| What this task involves |
What is needed here is an exact repetition of the records below, beginning at the line that has "constraint tangent L21 A7" and stopping after the line that has "radius of A0".

| Data for the task |
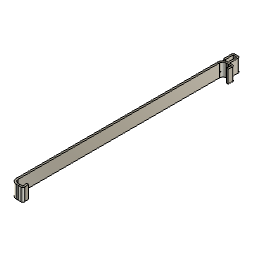
hook (Autodesk Fusion 360 design; units mm, degrees)
Autodesk Fusion 360 part; units mm, degrees
note: some values were not read from the file. Chosen so that the rebuilt part matches the saved one: which bodies a step acts on; which face or edge a step refers to. Set by a fixed rule: which sketch regions a step uses.
sketch "Sketch1" plane through (0, 0, 0) normal (0, 0, 1) x (1, 0, 0)
  line L0 (4, 0) -> (9.2, 0)
  line L1 (9.2, -5.0191) -> (9.2, -237.9809)
  line L2 (9.2, -243) -> (4, -243)
  line L3 (0, -239) -> (0, -4)
  line L4 (6, 2) -> (9.2, 2)
  line L5 (9.2, -245) -> (4, -245)
  line L6 (-2, -239) -> (-2, -4)
  line L7 (9.2, 0) -> (9.2, 2)
  arc A0 (0, -239) -> (4, -243) centre (4, -239) ccw
  arc A1 (4, 0) -> (0, -4) centre (4, -4) ccw
  arc A2 (4, 2) -> (-2, -4) centre (4, -4) ccw
  arc A3 (-2, -239) -> (4, -245) centre (4, -239) ccw
  line L8 (9.2, 0) -> (8.7642, -4.981)
  line L9 (9.2, 0) -> (14.2, 0) construction
  line L10 (11.1924, -0.1743) -> (10.7566, -5.1553)
  line L11 (8.7642, -4.981) -> (10.7566, -5.1553)
  line L12 (9.2, 0) -> (11.2, 0)
  arc A4 (11.1924, -0.1743) -> (9.2, 2) centre (9.2, 0) ccw
  line L13 (9.2, -243) -> (8.7642, -238.019)
  line L14 (8.7642, -238.019) -> (10.7566, -237.8447)
  line L15 (11.1924, -242.8257) -> (10.7566, -237.8447)
  arc A5 (9.2, -245) -> (11.1924, -242.8257) centre (9.2, -243) ccw
  line L16 (9.2, -243) -> (9.2, -243)
  line L17 (-2, 12) -> (-2, 4)
  line L18 (0, 4) -> (0, 12)
  line L19 (0, 12) -> (4, 12)
  line L20 (-0.0003, 14) -> (4.0004, 14)
  line L21 (6, 12) -> (6, 2)
  line L22 (4, 12) -> (4, 2)
  line L23 (0, 4) -> (0, 2)
  line L24 (0, 2) -> (-2, 2)
  line L25 (-2, 2) -> (-2, 4)
  arc A6 (0.0003, 14) -> (-2, 12) centre (0, 12) ccw
  arc A7 (6, 12) -> (3.9996, 14) centre (4, 12) ccw
  point P0 (0, -243)
  dimension "d1" = 9.2
  dimension "d2" = 243
  dimension "d4" = 4
  dimension "d5" = 6
  dimension "d6" = 95
  dimension "d7" = 5
  dimension "d8" = -2
  dimension "d9" = 2
  dimension "d13" = 2
  dimension "d14" = 8
  dimension "d16" = 4
  dimension "d18" = 2
  dimension "d19" = 2
  constraint horizontal L0
  constraint vertical L1
  constraint horizontal L2
  constraint vertical L3
  constraint perpendicular L4 L7
  constraint coincident P0 L2
  constraint coincident P0 L3
  constraint tangent L2 A0
  constraint tangent L3 A0
  constraint coincident origin L0
  constraint coincident origin L3
  constraint tangent L0 A1
  constraint tangent L3 A1
  constraint equal A0 A1
  constraint tangent L4 A2
  constraint tangent L6 A2
  constraint tangent L5 A3
  constraint tangent L6 A3
  constraint equal A2 A3
  constraint horizontal L9
  constraint perpendicular L10 L11
  constraint perpendicular L1 L12
  constraint coincident L0.end L7.start
  constraint coincident L12.end A4
  constraint coincident L11 L1.start
  constraint coincident L2.start L13.start
  constraint coincident L14 L1.end
  constraint perpendicular L18 L19
  constraint perpendicular L17 L20
  constraint perpendicular L4 L21
  constraint vertical L23
  constraint horizontal L24
  constraint vertical L25
  constraint coincident L18.end L19.start
  constraint tangent L17 A6
  constraint coincident L19.end L22.start
  constraint tangent L21 A7
  constraint coincident L20.start A6
  constraint coincident L20 A6.start
  constraint coincident L20 A7.end
  constraint coincident A7 L20.end
  measures "d1" distance of origin L0.end
  measures "d2" distance of origin P0
  measures "d4" radius of A0
  measures "d5" radius of A2
  measures "d6" angle of L8 L9
  measures "d7" distance of L0.end L8.end
  measures "d9" distance of L0.end L12.end
  measures "d13" distance of L17.end L18.start
  measures "d14" distance of L18.start L18.end
  measures "d16" distance of L18.end L19.end
  measures "d18" distance of L17.end L18.start
  measures "d19" distance of L17.end L24.end
extrude "Extrude1" add sketch "Sketch1" along normal blind 15 contours L0 L2 L3 L4 L5 L6 L7 A0 A1 A2 A3 L13 L14 L15 A5 L17 L18 L19 L20 L21 L22 L23 L24 L25 A6 A7 makes body 1
extrude "Extrude2" add sketch "Sketch1" along normal blind 15 contours L8 L10 L11 L12 A4 | L7 L12 A4 bodies 1
split "Split1" by plane through (6, 12, 0) normal (1, 0, 0) bodies 1 makes body 2 at (9.0547, -1.6603, 5) makes body 3 at (9.0547, -241.3397, 5)
move_body "Move1" bodies 2 3 to x (1, 0, 0) y (0, 1, 0) z (0, 0, 1) at (0.4, 0, 0)
extrude "Extrude3" add 2 faces at (6.4, 1.3333, 5) (6.4, -244.3333, 5) along direction (-1, 0, 0) blind 1 on bodies 2 3 bodies 1 2 3
sketch "Sketch2" plane through (-2, 0, 0) normal (-1, 0, 0) x (0, -1, 0)
  line L0 (-12, 0) -> (-2, 0)
  line L1 (-2, 0) -> (-2, 15)
  line L2 (-2, 15) -> (-12, 15)
  line L3 (-12, 15) -> (-12, 0)
  line L4 (-2, 7.5) -> (-6, 7.5)
  line L5 (-6, 7.5) -> (-2, 3.5)
  line L6 (-6, 7.5) -> (-0.3431, 7.5) construction
  line L7 (-6, 7.5) -> (-2, 11.5)
  line L8 (-2, 7.5) -> (-2, 9.25)
  line L9 (-2, 9.25) -> (-12, 9.25)
  line L10 (-12, 9.25) -> (-12, 5.75)
  line L11 (-12, 5.75) -> (-2, 5.75)
  line L12 (-2, 5.75) -> (-2, 9.25)
  line L13 (-8.0282, 9.25) -> (-8.0282, 5.75)
  dimension "d26" = 4
  dimension "d27" = 45
  dimension "d28" = 90
  dimension "d29" = 1.75
  dimension "d30" = 3.5
  constraint midpoint L1 L4.start
  constraint perpendicular L1 L4
  constraint horizontal L6
  constraint coincident L1 L5.end
  constraint coincident L1 L7.end
  constraint perpendicular L6 L8
  constraint horizontal L9
  constraint vertical L10
  constraint horizontal L11
  constraint vertical L12
  constraint coincident L9 L13.start
  constraint coincident L11 L13.end
  constraint perpendicular L11 L13
  measures "d26" distance of L4.start L4.end
  measures "d27" angle of L5 L6
  measures "d28" angle of L5 L7
  measures "d29" distance of L4.start L8.end
  measures "d30" distance of L8.end L11.end
extrude "Extrude4" cut sketch "Sketch2" against normal blind 2 contours L1 L5 L11 | L5 L7 L9 L11 L13 | L1 L4 L5 L11 L12 | L1 L4 L7 L8 L9 L12 | L1 L7 L9 bodies 1
extrude "Extrude5" cut 1 faces at (-1.3333, 8.0282, 8.0833) along direction (0, 1, 0) blind 1 on bodies 1 bodies 1
split "Split2" by plane through (-2, 9.0282, 9.25) normal (0, -1, 0) bodies 1 makes body 4 at (0, -160.6667, 5) makes body 5 at (0, 7.4355, 11.1667) makes body 6 at (0, 7.4355, 3.8333)
move_body "Move2" bodies 6 5 to x (1, 0, 0) y (0, 1, 0) z (0, 0, 1) at (0, 1, 0)
combine "Combine1" operation add target body 4 tool bodies 5 6 1
box "BoxPrimitive1" add length 12.9765 width 2 height -0.5 placed x (0, 1, 0) y (-1, 0, 0) z (0, 0, 1) at (0, -3.9483, 5.75) separate body makes body 7

| Answer section |
  constraint tangent L21 A7
  constraint coincident L20.start A6
  constraint coincident L20 A6.start
  constraint coincident L20 A7.end
  constraint coincident A7 L20.end
  measures "d1" distance of origin L0.end
  measures "d2" distance of origin P0
  measures "d4" radius of A0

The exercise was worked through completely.